Dataset entries:
↓↓↓

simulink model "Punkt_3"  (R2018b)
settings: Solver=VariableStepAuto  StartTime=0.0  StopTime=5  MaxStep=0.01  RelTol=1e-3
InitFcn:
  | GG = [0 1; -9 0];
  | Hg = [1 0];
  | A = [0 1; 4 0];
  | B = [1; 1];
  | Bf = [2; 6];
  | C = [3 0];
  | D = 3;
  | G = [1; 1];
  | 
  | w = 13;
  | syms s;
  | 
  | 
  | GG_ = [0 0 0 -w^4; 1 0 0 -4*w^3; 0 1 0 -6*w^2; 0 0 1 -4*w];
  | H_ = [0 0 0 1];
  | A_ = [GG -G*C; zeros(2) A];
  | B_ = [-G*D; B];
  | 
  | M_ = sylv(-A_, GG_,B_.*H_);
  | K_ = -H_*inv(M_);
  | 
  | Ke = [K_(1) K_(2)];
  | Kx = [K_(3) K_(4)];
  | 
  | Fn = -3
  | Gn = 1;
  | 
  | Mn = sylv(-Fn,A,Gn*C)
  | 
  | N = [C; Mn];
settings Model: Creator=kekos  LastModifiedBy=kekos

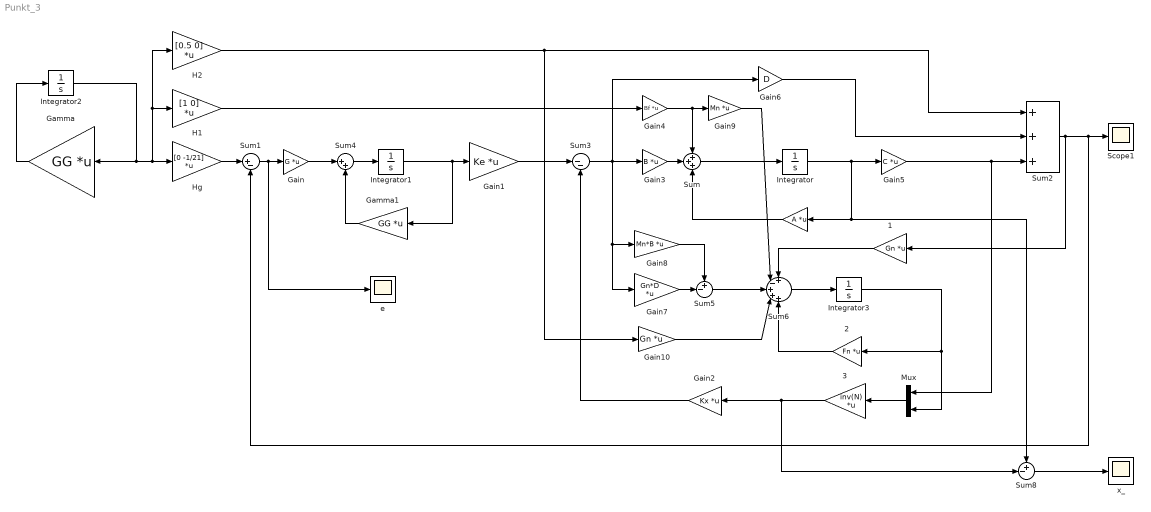
== system Punkt_3 ==
  " " : Gain  Gain=A  Multiplication=Matrix(K*u)
  " 1" : Gain  Gain=Gn  Multiplication=Matrix(K*u)
  " 2" : Gain  Gain=Fn  Multiplication=Matrix(K*u)
  " 3" : Gain  Gain=inv(N)  Multiplication=Matrix(K*u)
  Gain : Gain  Gain=G  Multiplication=Matrix(K*u)
  Gain1 : Gain  Gain=Ke  Multiplication=Matrix(K*u)
  Gain10 : Gain  Gain=Gn  Multiplication=Matrix(K*u)
  Gain2 : Gain  Gain=Kx  Multiplication=Matrix(K*u)
  Gain3 : Gain  Gain=B  Multiplication=Matrix(K*u)
  Gain4 : Gain  Gain=Bf  Multiplication=Matrix(K*u)
  Gain5 : Gain  Gain=C  Multiplication=Matrix(K*u)
  Gain6 : Gain  Gain=D
  Gain7 : Gain  Gain=Gn*D  Multiplication=Matrix(K*u)
  Gain8 : Gain  Gain=Mn*B  Multiplication=Matrix(K*u)
  Gain9 : Gain  Gain=Mn  Multiplication=Matrix(K*u)
  Gamma : Gain  Gain=GG  Multiplication=Matrix(K*u)
  Gamma1 : Gain  Gain=GG  Multiplication=Matrix(K*u)
  H1 : Gain  Gain=[1 0]  Multiplication=Matrix(K*u)
  H2 : Gain  Gain=[0.5 0]  Multiplication=Matrix(K*u)
  Hg : Gain  Gain=[0 -1/21]  Multiplication=Matrix(K*u)
  Integrator : Integrator
  Integrator1 : Integrator  InitialCondition=[-2.91; -19.10]
  Integrator2 : Integrator  InitialCondition=[-2.91; -19.10]
  Integrator3 : Integrator  InitialCondition=1
  Mux : Mux  Inputs=2
  Scope1 : Scope
  Sum : Sum  Inputs=+++
  Sum1 : Sum  Inputs=|+-
  Sum2 : Sum  Inputs=+++
  Sum3 : Sum  Inputs=|--
  Sum4 : Sum  Inputs=|++
  Sum5 : Sum  Inputs=+-|
  Sum6 : Sum  Inputs=+-+++
  Sum8 : Sum  Inputs=+-|
  e : Scope
  x_ : Scope
  wires:
  Sum2/1 -> " 1"/1, Sum1/2, Scope1/1
  H2/1 -> Sum2/1, Gain10/1
  Gamma/1 -> Integrator2/1
  Hg/1 -> Sum1/1
  Sum1/1 -> Gain/1, e/1
  Integrator1/1 -> Gain1/1, Gamma1/1
  Sum4/1 -> Integrator1/1
  Gain/1 -> Sum4/1
  Gamma1/1 -> Sum4/2
  Gain2/1 -> Sum3/2
  Integrator/1 -> Gain5/1, Sum8/1, " "/1
  " "/1 -> Sum/3
  Gain6/1 -> Sum2/2
  Sum3/1 -> Gain8/1, Gain7/1, Gain3/1, Gain6/1
  Sum/1 -> Integrator/1
  H1/1 -> Gain4/1
  Gain4/1 -> Gain9/1, Sum/1
  Gain7/1 -> Sum5/2
  Gain3/1 -> Sum/2
  " 1"/1 -> Sum6/1
  Integrator3/1 -> Mux/2, " 2"/1
  Sum6/1 -> Integrator3/1
  " 3"/1 -> Gain2/1, Sum8/2
  Mux/1 -> " 3"/1
  Sum8/1 -> x_/1
  Gain5/1 -> Mux/1, Sum2/3
  Integrator2/1 -> H2/1, H1/1, Hg/1, Gamma/1
  Gain1/1 -> Sum3/1
  Gain8/1 -> Sum5/1
  " 2"/1 -> Sum6/5
  Sum5/1 -> Sum6/3
  Gain9/1 -> Sum6/2
  Gain10/1 -> Sum6/4

↑↑↑

(Problem): Exactly the lines from the one containing "Gain5/1 -> Mux/1, Sum2/3" through the end of the records above are to be printed, and no others.

(Answer to this exercise):
  Gain5/1 -> Mux/1, Sum2/3
  Integrator2/1 -> H2/1, H1/1, Hg/1, Gamma/1
  Gain1/1 -> Sum3/1
  Gain8/1 -> Sum5/1
  " 2"/1 -> Sum6/5
  Sum5/1 -> Sum6/3
  Gain9/1 -> Sum6/2
  Gain10/1 -> Sum6/4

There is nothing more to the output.